VioA purification and crystallisation
The vioA gene was amplified and cloned between NdeI and BamHI sites of pET-15b expression vector (Novagen) which contained an N-terminal hexahistidine tag. The vector was transformed into BL21 DE3 pLysS Escherichia coli (NEB) strain, and grown in 1 L LB broth supplemented with 50 μg/mL ampicillin at 37 °C until OD600 reached 0.6, and then induced with 0.2 mM IPTG and further incubation at 20 °C for 18 hours. Cells were then pelleted by centrifugation (4k rpm, 4 °C, 20 min) and resuspended in Binding Buffer (20 mM Tris pH 8, 500 mM NaCl, 10 mM Imidazole). Cells were sonicated (2 s on 2 s off at 70% amplitude for 4 min) and cell debris pelleted by centrifugation (15k rpm, 4 °C, 30 min). The supernatant was subjected to affinity purification by injecting into HisTrap HP column (GE Healthcare), with Buffer A as Binding Buffer and Buffer B as Elution Buffer (20 mM Tris pH 8, 500 mM NaCl, 500 mM Imidazole). Elution fractions were checked with SDS-PAGE, and fractions containing most VioA (49 kD) were pooled and concentrated with Amicon Ultra-15 10K MWCO concentrator (EMD Milipore) and desalted with PD-10 Desalting Column (GE Healthcare) into GF Buffer (20 mM CHES pH 9.0, 25 mM NaCl). Protein solution was then subjected to SEC by injecting into HiLoad 16/60 Superdex 200 column (GE Healthcare) equilibrated with GF Buffer. Peak fractions were pooled and concentrated to 5 mg mL−1 measured on spectrophotometer with molar extinction coefficient from ProtParam (ExPASy). Concentrated proteins were then screened initially with sparse matrix (Crystal Screen 1 & 2 from Hampton Research), and hit condition was optimized in 24-well sitting drop plates with protein-to-buffer ratio 2:1. Best crystals were obtained with 100 mM HEPES pH 7.5, 9% PEG 8000 and 9% ethylene glycol incubated at 20 ˚C.

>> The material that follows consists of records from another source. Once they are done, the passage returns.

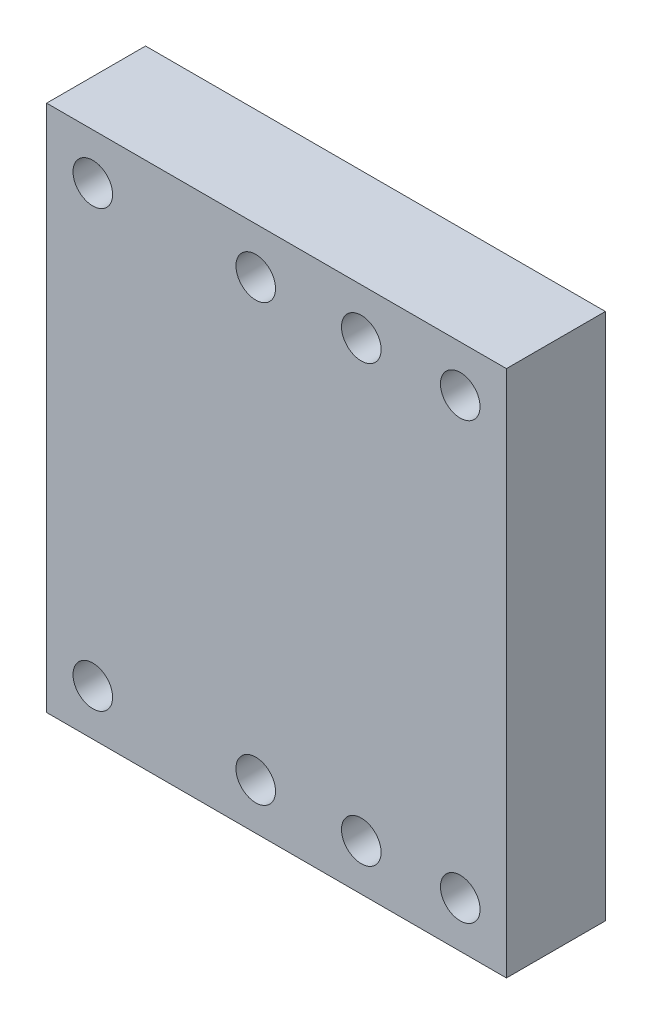
ISO-10303-21;
HEADER;
FILE_DESCRIPTION(('STEP AP214'),'2;1');
FILE_NAME('part.step','',(''),(''),'','','');
FILE_SCHEMA(('AUTOMOTIVE_DESIGN { 1 0 10303 214 1 1 1 1 }'));
ENDSEC;
DATA;
#1=APPLICATION_CONTEXT('core data for automotive mechanical design processes');
#2=APPLICATION_PROTOCOL_DEFINITION('international standard','automotive_design',2000,#1);
#3=PRODUCT_CONTEXT('',#1,'mechanical');
#4=PRODUCT('Part','Part','',(#3));
#5=PRODUCT_RELATED_PRODUCT_CATEGORY('part','',(#4));
#6=PRODUCT_DEFINITION_FORMATION('','',#4);
#7=PRODUCT_DEFINITION_CONTEXT('part definition',#1,'design');
#8=PRODUCT_DEFINITION('design','',#6,#7);
#9=PRODUCT_DEFINITION_SHAPE('','',#8);
#10=(LENGTH_UNIT() NAMED_UNIT(*) SI_UNIT(.MILLI.,.METRE.));
#11=(NAMED_UNIT(*) PLANE_ANGLE_UNIT() SI_UNIT($,.RADIAN.));
#12=(NAMED_UNIT(*) SI_UNIT($,.STERADIAN.) SOLID_ANGLE_UNIT());
#13=UNCERTAINTY_MEASURE_WITH_UNIT(LENGTH_MEASURE(1.E-05),#10,'distance_accuracy_value','');
#14=(GEOMETRIC_REPRESENTATION_CONTEXT(3) GLOBAL_UNCERTAINTY_ASSIGNED_CONTEXT((#13)) GLOBAL_UNIT_ASSIGNED_CONTEXT((#10,
#11,#12)) REPRESENTATION_CONTEXT('',''));
#15=CARTESIAN_POINT('',(0.,0.,0.));
#16=DIRECTION('',(0.,0.,1.));
#17=DIRECTION('',(1.,0.,0.));
#18=AXIS2_PLACEMENT_3D('',#15,#16,#17);
#19=CARTESIAN_POINT('',(-34.85,40.,15.));
#20=DIRECTION('',(1.,0.,0.));
#21=DIRECTION('',(0.,1.,0.));
#22=AXIS2_PLACEMENT_3D('',#19,#20,#21);
#23=PLANE('',#22);
#24=DIRECTION('',(0.,-1.,0.));
#25=VECTOR('',#24,1.);
#26=CARTESIAN_POINT('',(-34.85,40.,0.));
#27=LINE('',#26,#25);
#28=CARTESIAN_POINT('',(-34.85,40.,0.));
#29=VERTEX_POINT('',#28);
#30=CARTESIAN_POINT('',(-34.85,-40.,0.));
#31=VERTEX_POINT('',#30);
#32=EDGE_CURVE('E101',#29,#31,#27,.T.);
#33=ORIENTED_EDGE('',*,*,#32,.T.);
#34=DIRECTION('',(0.,0.,-1.));
#35=VECTOR('',#34,1.);
#36=CARTESIAN_POINT('',(-34.85,-40.,15.));
#37=LINE('',#36,#35);
#38=CARTESIAN_POINT('',(-34.85,-40.,15.));
#39=VERTEX_POINT('',#38);
#40=EDGE_CURVE('E11',#39,#31,#37,.T.);
#41=ORIENTED_EDGE('',*,*,#40,.F.);
#42=DIRECTION('',(0.,-1.,0.));
#43=VECTOR('',#42,1.);
#44=CARTESIAN_POINT('',(-34.85,40.,15.));
#45=LINE('',#44,#43);
#46=CARTESIAN_POINT('',(-34.85,40.,15.));
#47=VERTEX_POINT('',#46);
#48=EDGE_CURVE('E88',#47,#39,#45,.T.);
#49=ORIENTED_EDGE('',*,*,#48,.F.);
#50=DIRECTION('',(0.,0.,-1.));
#51=VECTOR('',#50,1.);
#52=CARTESIAN_POINT('',(-34.85,40.,15.));
#53=LINE('',#52,#51);
#54=EDGE_CURVE('E97',#47,#29,#53,.T.);
#55=ORIENTED_EDGE('',*,*,#54,.T.);
#56=EDGE_LOOP('',(#33,#41,#49,#55));
#57=FACE_BOUND('',#56,.T.);
#58=ADVANCED_FACE('F35',(#57),#23,.F.);
#59=CARTESIAN_POINT('',(-34.85,-40.,15.));
#60=DIRECTION('',(0.,1.,0.));
#61=DIRECTION('',(0.,0.,1.));
#62=AXIS2_PLACEMENT_3D('',#59,#60,#61);
#63=PLANE('',#62);
#64=DIRECTION('',(1.,0.,0.));
#65=VECTOR('',#64,1.);
#66=CARTESIAN_POINT('',(-34.85,-40.,0.));
#67=LINE('',#66,#65);
#68=CARTESIAN_POINT('',(34.85,-40.,0.));
#69=VERTEX_POINT('',#68);
#70=EDGE_CURVE('E92',#31,#69,#67,.T.);
#71=ORIENTED_EDGE('',*,*,#70,.T.);
#72=DIRECTION('',(0.,0.,-1.));
#73=VECTOR('',#72,1.);
#74=CARTESIAN_POINT('',(34.85,-40.,15.));
#75=LINE('',#74,#73);
#76=CARTESIAN_POINT('',(34.85,-40.,15.));
#77=VERTEX_POINT('',#76);
#78=EDGE_CURVE('E44',#77,#69,#75,.T.);
#79=ORIENTED_EDGE('',*,*,#78,.F.);
#80=DIRECTION('',(1.,0.,0.));
#81=VECTOR('',#80,1.);
#82=CARTESIAN_POINT('',(-34.85,-40.,15.));
#83=LINE('',#82,#81);
#84=EDGE_CURVE('E83',#39,#77,#83,.T.);
#85=ORIENTED_EDGE('',*,*,#84,.F.);
#86=ORIENTED_EDGE('',*,*,#40,.T.);
#87=EDGE_LOOP('',(#71,#79,#85,#86));
#88=FACE_BOUND('',#87,.T.);
#89=ADVANCED_FACE('F91',(#88),#63,.F.);
#90=CARTESIAN_POINT('',(34.85,-40.,15.));
#91=DIRECTION('',(-1.,0.,0.));
#92=DIRECTION('',(0.,-1.,0.));
#93=AXIS2_PLACEMENT_3D('',#90,#91,#92);
#94=PLANE('',#93);
#95=DIRECTION('',(0.,1.,0.));
#96=VECTOR('',#95,1.);
#97=CARTESIAN_POINT('',(34.85,-40.,0.));
#98=LINE('',#97,#96);
#99=CARTESIAN_POINT('',(34.85,40.,0.));
#100=VERTEX_POINT('',#99);
#101=EDGE_CURVE('E70',#69,#100,#98,.T.);
#102=ORIENTED_EDGE('',*,*,#101,.T.);
#103=DIRECTION('',(0.,0.,-1.));
#104=VECTOR('',#103,1.);
#105=CARTESIAN_POINT('',(34.85,40.,15.));
#106=LINE('',#105,#104);
#107=CARTESIAN_POINT('',(34.85,40.,15.));
#108=VERTEX_POINT('',#107);
#109=EDGE_CURVE('E93',#108,#100,#106,.T.);
#110=ORIENTED_EDGE('',*,*,#109,.F.);
#111=DIRECTION('',(0.,1.,0.));
#112=VECTOR('',#111,1.);
#113=CARTESIAN_POINT('',(34.85,-40.,15.));
#114=LINE('',#113,#112);
#115=EDGE_CURVE('E86',#77,#108,#114,.T.);
#116=ORIENTED_EDGE('',*,*,#115,.F.);
#117=ORIENTED_EDGE('',*,*,#78,.T.);
#118=EDGE_LOOP('',(#102,#110,#116,#117));
#119=FACE_BOUND('',#118,.T.);
#120=ADVANCED_FACE('F95',(#119),#94,.F.);
#121=CARTESIAN_POINT('',(34.85,40.,15.));
#122=DIRECTION('',(0.,-1.,0.));
#123=DIRECTION('',(1.,0.,0.));
#124=AXIS2_PLACEMENT_3D('',#121,#122,#123);
#125=PLANE('',#124);
#126=DIRECTION('',(-1.,0.,0.));
#127=VECTOR('',#126,1.);
#128=CARTESIAN_POINT('',(34.85,40.,0.));
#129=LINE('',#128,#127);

VioA and L-tryptophan-bound VioA structure determination
VioA crystal was fished and cryoprotected with 20% ethylene glycol, and then snap frozen in liquid nitrogen before sending to Diamond Light Source for X-ray diffraction. L-tryptophan-soaked crystals were prepared by immersing crystal in mother liquor with added 1 mM L-tryptophan for 10 to 60 minutes at room temperature. Datasets collected from DLS were processed with in-house DIALS/Xia2 algorithm47, and phase information was solved by PHASER48 molecular replacement with a model structure with PDB ID 3X0V (L-lysine oxidase, 17% sequence identity). Further rounds of refinement and model building was done in Phenix49 and Coot50 respectively (see Table S3 for data collection and refinement statistics). L-tryptophan-bound VioA structure was solved using molecular replacement with the apoenzyme structure as model. Protein structures are visualised using PyMOL Molecular Graphics System, Version 1.8 Schrödinger, LLC. Sequence alignment was carried out using ESPript (http://espript.ibcp.fr)51.
Author Contribution
HEL, KP and PF designed the study, analysed the data, and wrote the manuscript. SM provided feedback and technical assistance for experiments. HEL, SMC and MM performed the experiments.
Notes
The authors declare no competing financial interests.
Acknowledgement
HEL receives funding from the Imperial College President’s PhD Scholarships. The authors thank all staff involved in Diamond Light Source Beamline I04-1 for assistance in VioA crystal data collection.